- **YOUR OBJECTIVE**
Copy the records below line by line and word for word, from the very first line through the line with "#10=(LENGTH_UNIT() NAMED_UNIT(*) SI_UNIT(.MILLI.,.METRE.));", omitting each picture.
====
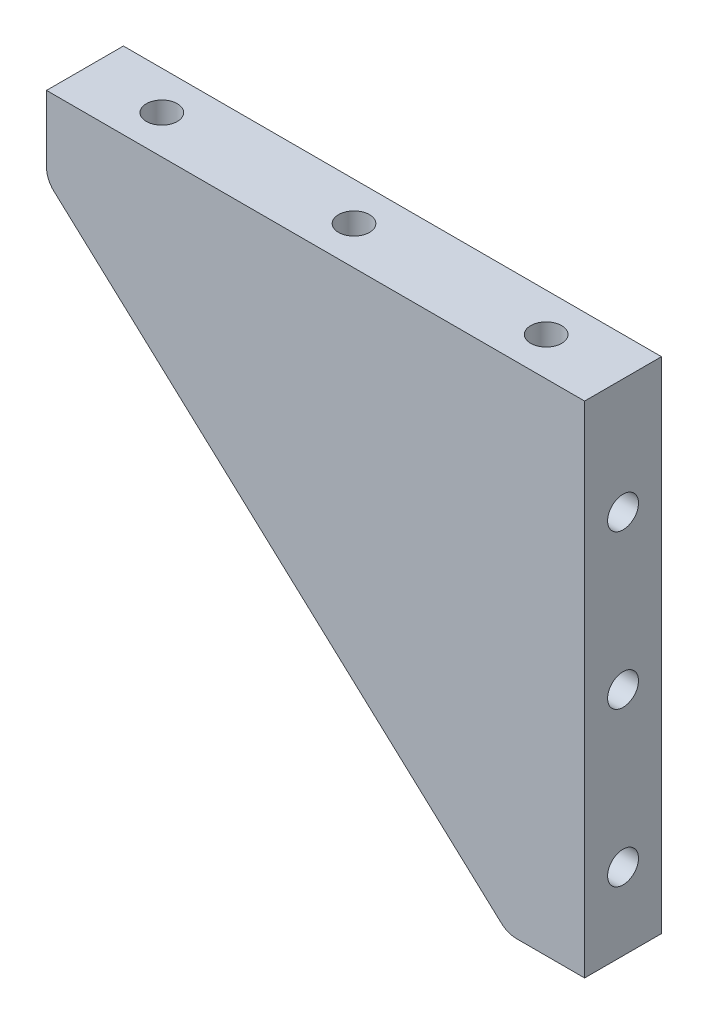
ISO-10303-21;
HEADER;
FILE_DESCRIPTION(('STEP AP214'),'2;1');
FILE_NAME('part.step','',(''),(''),'','','');
FILE_SCHEMA(('AUTOMOTIVE_DESIGN { 1 0 10303 214 1 1 1 1 }'));
ENDSEC;
DATA;
#1=APPLICATION_CONTEXT('core data for automotive mechanical design processes');
#2=APPLICATION_PROTOCOL_DEFINITION('international standard','automotive_design',2000,#1);
#3=PRODUCT_CONTEXT('',#1,'mechanical');
#4=PRODUCT('Part','Part','',(#3));
#5=PRODUCT_RELATED_PRODUCT_CATEGORY('part','',(#4));
#6=PRODUCT_DEFINITION_FORMATION('','',#4);
#7=PRODUCT_DEFINITION_CONTEXT('part definition',#1,'design');
#8=PRODUCT_DEFINITION('design','',#6,#7);
#9=PRODUCT_DEFINITION_SHAPE('','',#8);
#10=(LENGTH_UNIT() NAMED_UNIT(*) SI_UNIT(.MILLI.,.METRE.));
#11=(NAMED_UNIT(*) PLANE_ANGLE_UNIT() SI_UNIT($,.RADIAN.));
#12=(NAMED_UNIT(*) SI_UNIT($,.STERADIAN.) SOLID_ANGLE_UNIT());
#13=UNCERTAINTY_MEASURE_WITH_UNIT(LENGTH_MEASURE(1.E-05),#10,'distance_accuracy_value','');
#14=(GEOMETRIC_REPRESENTATION_CONTEXT(3) GLOBAL_UNCERTAINTY_ASSIGNED_CONTEXT((#13)) GLOBAL_UNIT_ASSIGNED_CONTEXT((#10,
#11,#12)) REPRESENTATION_CONTEXT('',''));
#15=CARTESIAN_POINT('',(0.,0.,0.));
#16=DIRECTION('',(0.,0.,1.));
#17=DIRECTION('',(1.,0.,0.));
#18=AXIS2_PLACEMENT_3D('',#15,#16,#17);
#19=CARTESIAN_POINT('',(0.,-82.55,6.35));
#20=DIRECTION('',(-1.,0.,0.));
#21=DIRECTION('',(0.,0.,1.));
#22=AXIS2_PLACEMENT_3D('',#19,#20,#21);
#23=PLANE('',#22);
#24=CARTESIAN_POINT('',(0.,-19.05,0.));
#25=DIRECTION('',(1.,0.,0.));
#26=DIRECTION('',(0.,0.,-1.));
#27=AXIS2_PLACEMENT_3D('',#24,#25,#26);
#28=CIRCLE('',#27,2.55269999999999);
#29=CARTESIAN_POINT('',(0.,-19.05,-2.55269999999999));
#30=VERTEX_POINT('',#29);
#31=EDGE_CURVE('E130',#30,#30,#28,.T.);
#32=ORIENTED_EDGE('',*,*,#31,.F.);
#33=EDGE_LOOP('',(#32));
#34=FACE_BOUND('',#33,.T.);
#35=CARTESIAN_POINT('',(0.,-44.45,0.));
#36=DIRECTION('',(1.,0.,0.));
#37=DIRECTION('',(0.,0.,-1.));
#38=AXIS2_PLACEMENT_3D('',#35,#36,#37);
#39=CIRCLE('',#38,2.55269999999999);
#40=CARTESIAN_POINT('',(0.,-44.45,-2.55269999999999));
#41=VERTEX_POINT('',#40);
#42=EDGE_CURVE('E129',#41,#41,#39,.T.);
#43=ORIENTED_EDGE('',*,*,#42,.F.);
#44=EDGE_LOOP('',(#43));
#45=FACE_BOUND('',#44,.T.);
#46=CARTESIAN_POINT('',(0.,-69.85,0.));
#47=DIRECTION('',(1.,0.,0.));
#48=DIRECTION('',(0.,0.,-1.));
#49=AXIS2_PLACEMENT_3D('',#46,#47,#48);
#50=CIRCLE('',#49,2.55269999999999);
#51=CARTESIAN_POINT('',(0.,-69.85,-2.55269999999999));
#52=VERTEX_POINT('',#51);
#53=EDGE_CURVE('E140',#52,#52,#50,.T.);
#54=ORIENTED_EDGE('',*,*,#53,.F.);
#55=EDGE_LOOP('',(#54));
#56=FACE_BOUND('',#55,.T.);
#57=DIRECTION('',(0.,1.,0.));
#58=VECTOR('',#57,1.);
#59=CARTESIAN_POINT('',(0.,-82.55,-6.35));
#60=LINE('',#59,#58);
#61=CARTESIAN_POINT('',(0.,-82.55,-6.35));
#62=VERTEX_POINT('',#61);
#63=CARTESIAN_POINT('',(0.,0.,-6.35));
#64=VERTEX_POINT('',#63);
#65=EDGE_CURVE('E164',#62,#64,#60,.T.);
#66=ORIENTED_EDGE('',*,*,#65,.T.);
#67=DIRECTION('',(0.,0.,-1.));
#68=VECTOR('',#67,1.);
#69=CARTESIAN_POINT('',(0.,0.,6.35));
#70=LINE('',#69,#68);
#71=CARTESIAN_POINT('',(0.,0.,6.35));
#72=VERTEX_POINT('',#71);
#73=EDGE_CURVE('E193',#72,#64,#70,.T.);
#74=ORIENTED_EDGE('',*,*,#73,.F.);
#75=DIRECTION('',(0.,1.,0.));
#76=VECTOR('',#75,1.);
#77=CARTESIAN_POINT('',(0.,-82.55,6.35));
#78=LINE('',#77,#76);
#79=CARTESIAN_POINT('',(0.,-82.55,6.35));
#80=VERTEX_POINT('',#79);
#81=EDGE_CURVE('E165',#80,#72,#78,.T.);
#82=ORIENTED_EDGE('',*,*,#81,.F.);
#83=DIRECTION('',(0.,0.,-1.));
#84=VECTOR('',#83,1.);
#85=CARTESIAN_POINT('',(0.,-82.55,6.35));
#86=LINE('',#85,#84);
#87=EDGE_CURVE('E177',#80,#62,#86,.T.);
#88=ORIENTED_EDGE('',*,*,#87,.T.);
#89=EDGE_LOOP('',(#66,#74,#82,#88));
#90=FACE_BOUND('',#89,.T.);
#91=ADVANCED_FACE('F41',(#34,#45,#56,#90),#23,.F.);
#92=CARTESIAN_POINT('',(0.,0.,6.35));
#93=DIRECTION('',(0.,-1.,0.));
#94=DIRECTION('',(1.,0.,0.));
#95=AXIS2_PLACEMENT_3D('',#92,#93,#94);
#96=PLANE('',#95);
#97=CARTESIAN_POINT('',(-12.7,0.,0.));
#98=DIRECTION('',(0.,1.,0.));
#99=DIRECTION('',(0.,0.,1.));
#100=AXIS2_PLACEMENT_3D('',#97,#98,#99);
#101=CIRCLE('',#100,2.5527);
#102=CARTESIAN_POINT('',(-12.7,0.,2.5527));
#103=VERTEX_POINT('',#102);
#104=EDGE_CURVE('E146',#103,#103,#101,.T.);
#105=ORIENTED_EDGE('',*,*,#104,.F.);
#106=EDGE_LOOP('',(#105));
#107=FACE_BOUND('',#106,.T.);
#108=CARTESIAN_POINT('',(-44.45,0.,0.));
#109=DIRECTION('',(0.,1.,0.));
#110=DIRECTION('',(0.,0.,1.));
#111=AXIS2_PLACEMENT_3D('',#108,#109,#110);
#112=CIRCLE('',#111,2.5527);
#113=CARTESIAN_POINT('',(-44.45,0.,2.5527));
#114=VERTEX_POINT('',#113);
#115=EDGE_CURVE('E152',#114,#114,#112,.T.);
#116=ORIENTED_EDGE('',*,*,#115,.F.);
#117=EDGE_LOOP('',(#116));
#118=FACE_BOUND('',#117,.T.);
#119=CARTESIAN_POINT('',(-76.2,0.,0.));
#120=DIRECTION('',(0.,1.,0.));
#121=DIRECTION('',(0.,0.,1.));
#122=AXIS2_PLACEMENT_3D('',#119,#120,#121);
#123=CIRCLE('',#122,2.55270000000001);
#124=CARTESIAN_POINT('',(-76.2,0.,2.55270000000001));
#125=VERTEX_POINT('',#124);
#126=EDGE_CURVE('E158',#125,#125,#123,.T.);
#127=ORIENTED_EDGE('',*,*,#126,.F.);
#128=EDGE_LOOP('',(#127));
#129=FACE_BOUND('',#128,.T.);
#130=DIRECTION('',(-1.,0.,0.));
#131=VECTOR('',#130,1.);
#132=CARTESIAN_POINT('',(0.,0.,-6.35));
#133=LINE('',#132,#131);
#134=CARTESIAN_POINT('',(-88.9,0.,-6.35));
#135=VERTEX_POINT('',#134);
#136=EDGE_CURVE('E180',#64,#135,#133,.T.);
#137=ORIENTED_EDGE('',*,*,#136,.T.);
#138=DIRECTION('',(0.,0.,-1.));
#139=VECTOR('',#138,1.);
#140=CARTESIAN_POINT('',(-88.9,0.,6.35));
#141=LINE('',#140,#139);
#142=CARTESIAN_POINT('',(-88.9,0.,6.35));
#143=VERTEX_POINT('',#142);
#144=EDGE_CURVE('E190',#143,#135,#141,.T.);
#145=ORIENTED_EDGE('',*,*,#144,.F.);
#146=DIRECTION('',(-1.,0.,0.));
#147=VECTOR('',#146,1.);
#148=CARTESIAN_POINT('',(0.,0.,6.35));
#149=LINE('',#148,#147);
#150=EDGE_CURVE('E168',#72,#143,#149,.T.);
#151=ORIENTED_EDGE('',*,*,#150,.F.);
#152=ORIENTED_EDGE('',*,*,#73,.T.);
#153=EDGE_LOOP('',(#137,#145,#151,#152));
#154=FACE_BOUND('',#153,.T.);
#155=ADVANCED_FACE('F222',(#107,#118,#129,#154),#96,.F.);
#156=CARTESIAN_POINT('',(-88.9,0.,6.35));
#157=DIRECTION('',(1.,0.,0.));
#158=DIRECTION('',(0.,0.,-1.));
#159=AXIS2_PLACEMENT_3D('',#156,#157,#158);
====
- **RESPONSE FOR THIS EXERCISE**
ISO-10303-21;
HEADER;
FILE_DESCRIPTION(('STEP AP214'),'2;1');
FILE_NAME('part.step','',(''),(''),'','','');
FILE_SCHEMA(('AUTOMOTIVE_DESIGN { 1 0 10303 214 1 1 1 1 }'));
ENDSEC;
DATA;
#1=APPLICATION_CONTEXT('core data for automotive mechanical design processes');
#2=APPLICATION_PROTOCOL_DEFINITION('international standard','automotive_design',2000,#1);
#3=PRODUCT_CONTEXT('',#1,'mechanical');
#4=PRODUCT('Part','Part','',(#3));
#5=PRODUCT_RELATED_PRODUCT_CATEGORY('part','',(#4));
#6=PRODUCT_DEFINITION_FORMATION('','',#4);
#7=PRODUCT_DEFINITION_CONTEXT('part definition',#1,'design');
#8=PRODUCT_DEFINITION('design','',#6,#7);
#9=PRODUCT_DEFINITION_SHAPE('','',#8);
#10=(LENGTH_UNIT() NAMED_UNIT(*) SI_UNIT(.MILLI.,.METRE.));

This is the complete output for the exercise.